The Federal Reserve’s upcoming monetary policy-setting meeting will be heavily watched in the coming days, with the central bank set to issue its latest policy statement and hold a press conference with Fed Chairman Jerome Powell, Wednesday afternoon. Market participants expect the Fed to hike rates by 50 basis points at the end of this meeting, marking the first rate hike of this magnitude since 2000. This would follow the 25 basis point rate hike base rate made by the Fed in March, bringing the target range for the federal funds rate back to between 0.25% and 0.50% and raising the bottom of the range above zero for the first time since March 2020.

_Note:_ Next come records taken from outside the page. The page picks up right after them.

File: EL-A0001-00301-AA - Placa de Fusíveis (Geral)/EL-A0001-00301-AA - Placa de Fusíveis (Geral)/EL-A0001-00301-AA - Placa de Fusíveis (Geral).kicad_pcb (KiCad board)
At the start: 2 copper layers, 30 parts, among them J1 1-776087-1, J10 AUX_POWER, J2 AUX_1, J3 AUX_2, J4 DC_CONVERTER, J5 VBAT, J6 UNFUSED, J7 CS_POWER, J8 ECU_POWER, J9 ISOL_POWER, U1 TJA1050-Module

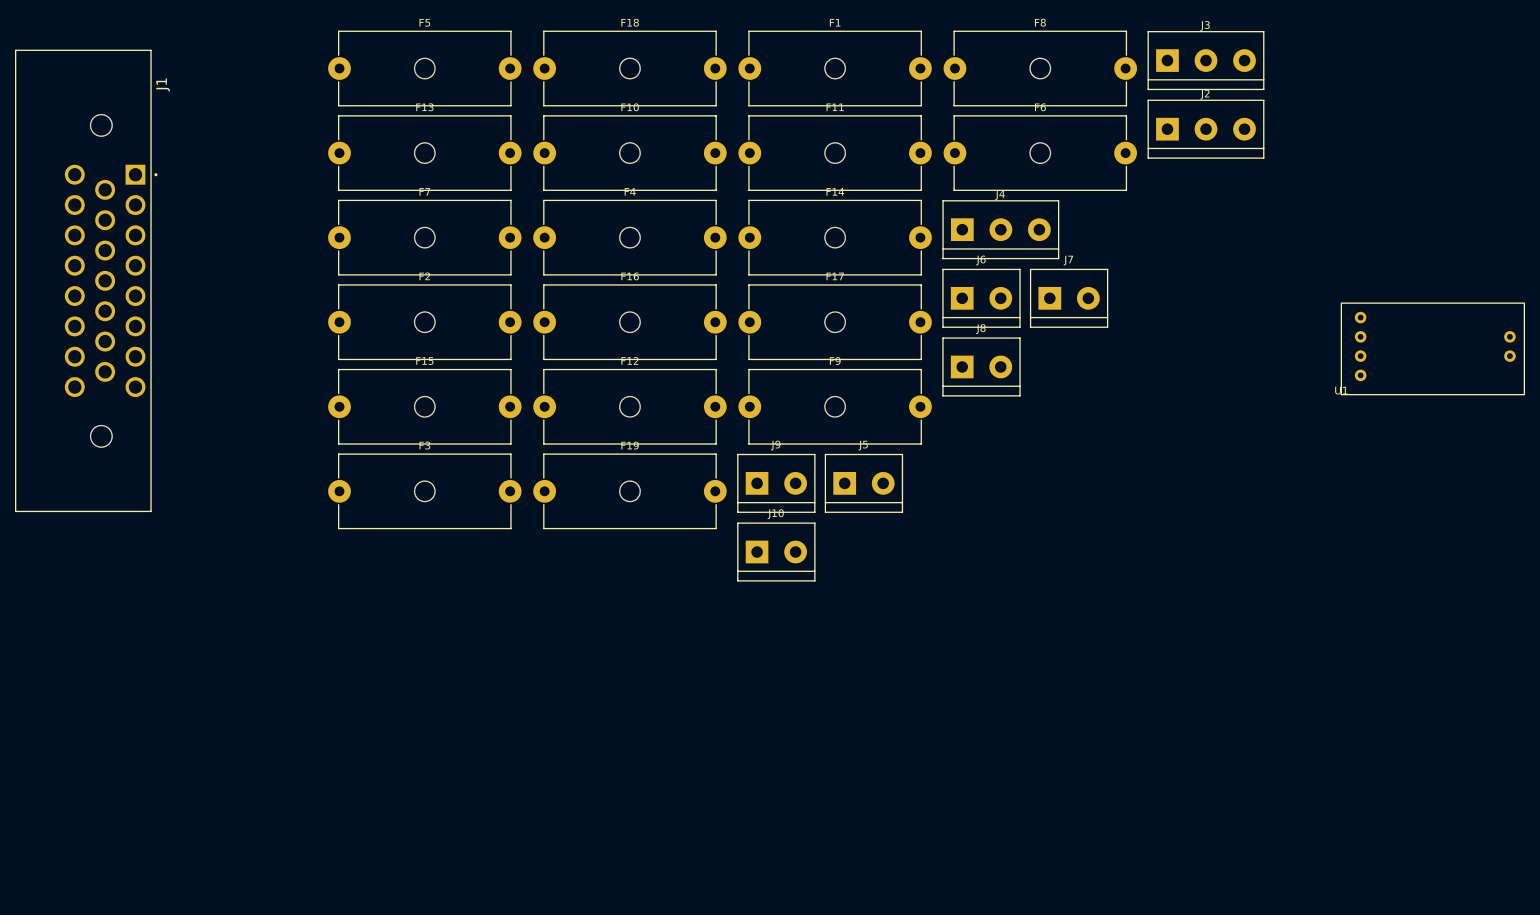
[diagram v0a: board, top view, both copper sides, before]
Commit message: MOD: placa de fusiveis
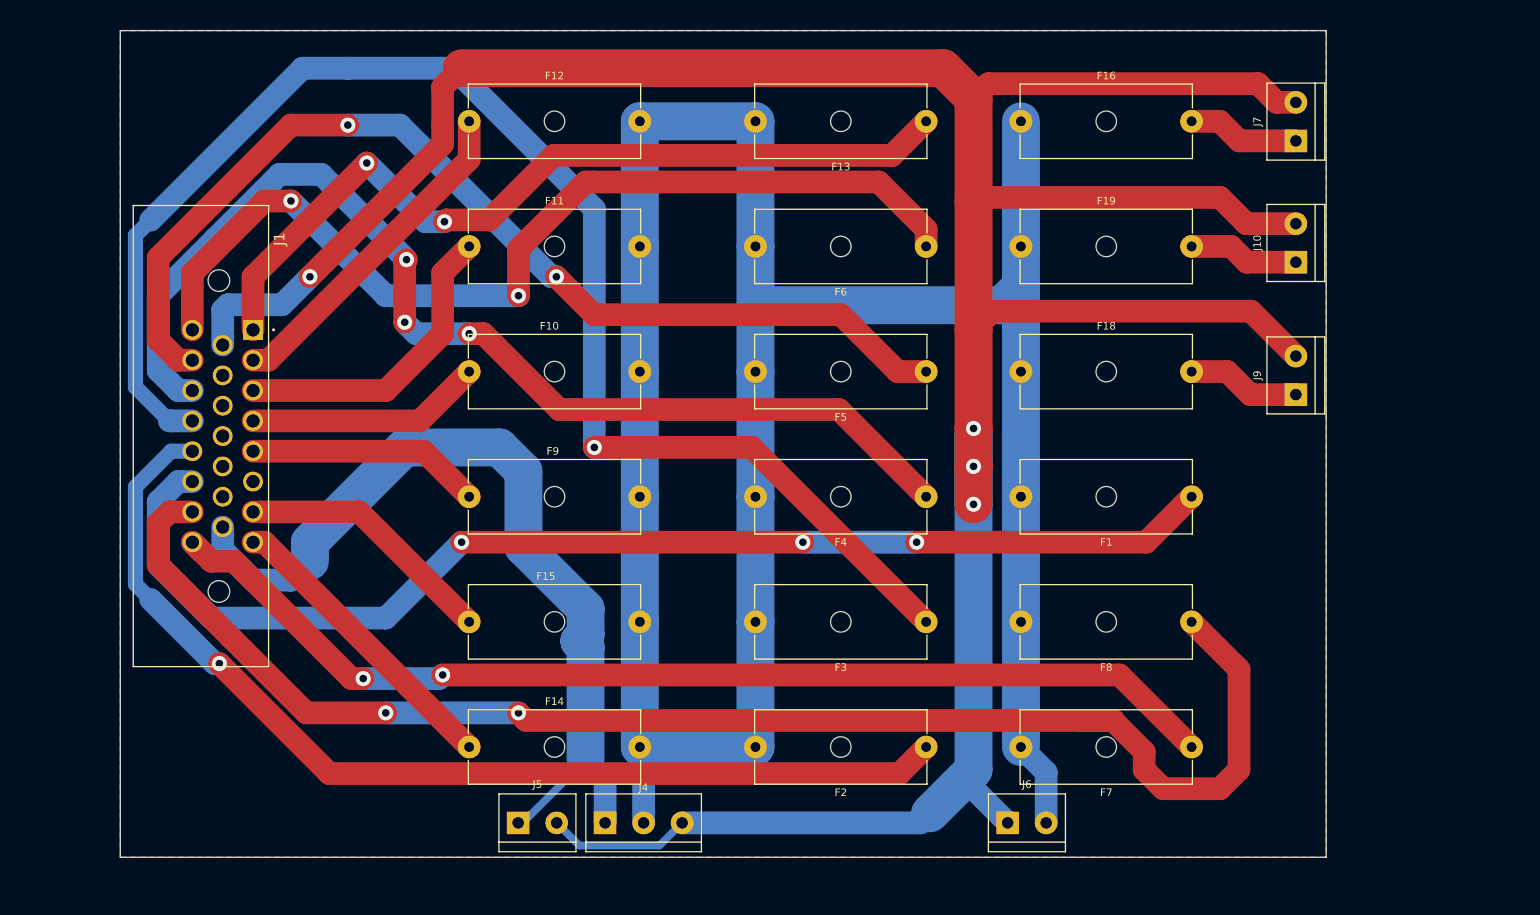
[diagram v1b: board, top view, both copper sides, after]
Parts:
- removed F17: Fuse, Fuse:Fuseholder_Cylinder-5x20mm_Schurter_0031_8201_Horizontal_Open
- removed J2: AUX_1, TerminalBlock:TerminalBlock_bornier-3_P5.08mm
- removed J3: AUX_2, TerminalBlock:TerminalBlock_bornier-3_P5.08mm
- removed J8: ECU_POWER, TerminalBlock:TerminalBlock_bornier-2_P5.08mm
- removed U1: TJA1050-Module, Cheetah:TJA1050-Module
- moved F7 130.9 mm to (170.2, 132.5), turned to 180 degrees
- moved F2 95.5 mm to (135.2, 132.5), turned to 180 degrees
- moved J4 91.3 mm to (92.9, 142.5)
- moved F5 87.1 mm to (135.2, 83.0), turned to 180 degrees
- moved F1 81.1 mm to (170.2, 99.5), turned to 180 degrees
- moved J10 80.7 mm to (184.0, 68.5), turned to 90 degrees
- moved F8 79.4 mm to (170.2, 116.0), turned to 180 degrees
- moved F3 79.2 mm to (135.2, 116.0), turned to 180 degrees
- moved F13 77.5 mm to (135.2, 50.0), turned to 180 degrees
- moved F14 76.7 mm to (75.0, 132.5)
- moved F18 74.4 mm to (147.8, 83.0)
- moved J9 72.0 mm to (184.0, 86.0), turned to 90 degrees
- moved F19 70.6 mm to (147.8, 66.5)
- moved J6 69.4 mm to (146.0, 142.5)
- moved F16 68.2 mm to (147.8, 50.0)
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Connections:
- F11 pad 1: Net-(F11-Pad1) -> Net-(J1-Pad3)
- F12 pad 1: Net-(F12-Pad1) -> Net-(J1-Pad2)
- F13 pad 1: Net-(F13-Pad1) -> Net-(J1-Pad1)
- F7 pad 1: Net-(F7-Pad1) -> Net-(J1-Pad23)
- F8 pad 1: Net-(F8-Pad1) -> Net-(J1-Pad22)
- J1 pad 10: Net-(F12-Pad1) -> unconnected-(J1-Pad10)
- J1 pad 11: Net-(F11-Pad1) -> unconnected-(J1-Pad11)
- J1 pad 12: Net-(F10-Pad1) -> unconnected-(J1-Pad12)
- J1 pad 13: Net-(F9-Pad1) -> unconnected-(J1-Pad13)
- J1 pad 14: Net-(F8-Pad1) -> unconnected-(J1-Pad14)
- J1 pad 15: Net-(F7-Pad1) -> Net-(J1-Pad15)
- J1 pad 22: GNDREF -> Net-(J1-Pad22)
- J1 pad 4: Net-(J1-Pad4) -> Net-(F10-Pad1)
- J1 pad 5: Net-(J1-Pad5) -> Net-(F9-Pad1)
- J1 pad 6: Net-(J1-Pad6) -> unconnected-(J1-Pad6)
- J1 pad 9: Net-(F13-Pad1) -> GNDREF
- J4 pad 1: Net-(J1-Pad23) -> Net-(J1-Pad15)
- J4 pad 2: GNDREF -> 12V
- J4 pad 3: 12V -> GNDREF
- J5 pad 1: Net-(J1-Pad23) -> Net-(J1-Pad15)
- J6 pad 1: 12V -> GNDREF
- J6 pad 2: GNDREF -> 12V
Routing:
- net GNDREF: track 0.00 -> 424.9 mm, vias 0 -> 4
- net 12V: track 0.00 -> 335.6 mm
- net Net-(J1-Pad22): track 0.00 -> 194.4 mm, vias 0 -> 2
- net Net-(F3-Pad1): track 0.00 -> 191.4 mm, vias 0 -> 1
- net Net-(F1-Pad1): track 0.00 -> 159.7 mm, vias 0 -> 3
- net Net-(F4-Pad1): track 0.00 -> 145.8 mm, vias 0 -> 3
- net Net-(J1-Pad23): track 0.00 -> 145.2 mm, vias 0 -> 2
- net Net-(J1-Pad17): track 0.00 -> 138.4 mm, vias 0 -> 2
- net Net-(F2-Pad1): track 0.00 -> 138.3 mm, vias 0 -> 1
- net Net-(F6-Pad1): track 0.00 -> 128.0 mm, vias 0 -> 2
- net Net-(J1-Pad15): track 0.00 -> 118.1 mm
- net Net-(J1-Pad1): track 0.00 -> 110.7 mm, vias 0 -> 2
- net Net-(J1-Pad2): track 0.00 -> 44.5 mm
- net Net-(J1-Pad3): track 0.00 -> 41.1 mm
- net Net-(F14-Pad1): track 0.00 -> 39.7 mm
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- added copper zone on B.Cu, net 12V
- added copper zone on F.Cu, net GNDREF
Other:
- board outline added: 159 x 109 mm

The Fed is also expected to formally announce that it will begin quantitative tightening or remove assets from its $9 trillion balance sheet. The central bank had been recovering assets and adding to its balance sheet during the pandemic as another way to help support the virus-stricken economy. However, expectations of the rollback of this construction stoked volatility after markets grew accustomed to these easy money policies.
And with US GDP growth turning negative for the first time since mid-2020 in the first quarter of this year, some pundits have begun to question whether the Fed will be able to tighten monetary policies without triggering a deeper slowdown in the economic activity.
“Recession risk has increased and the financial health of the private sector could ultimately determine whether policy tightening tips the economy into a slowdown,” Goldman Sachs chief economist Jan Hatzius wrote on Sunday. in a note. “The financial fragility of the private sector has historically amplified the impact of the headwinds facing the current expansion: higher interest rates, rapid wage inflation and slowing growth.”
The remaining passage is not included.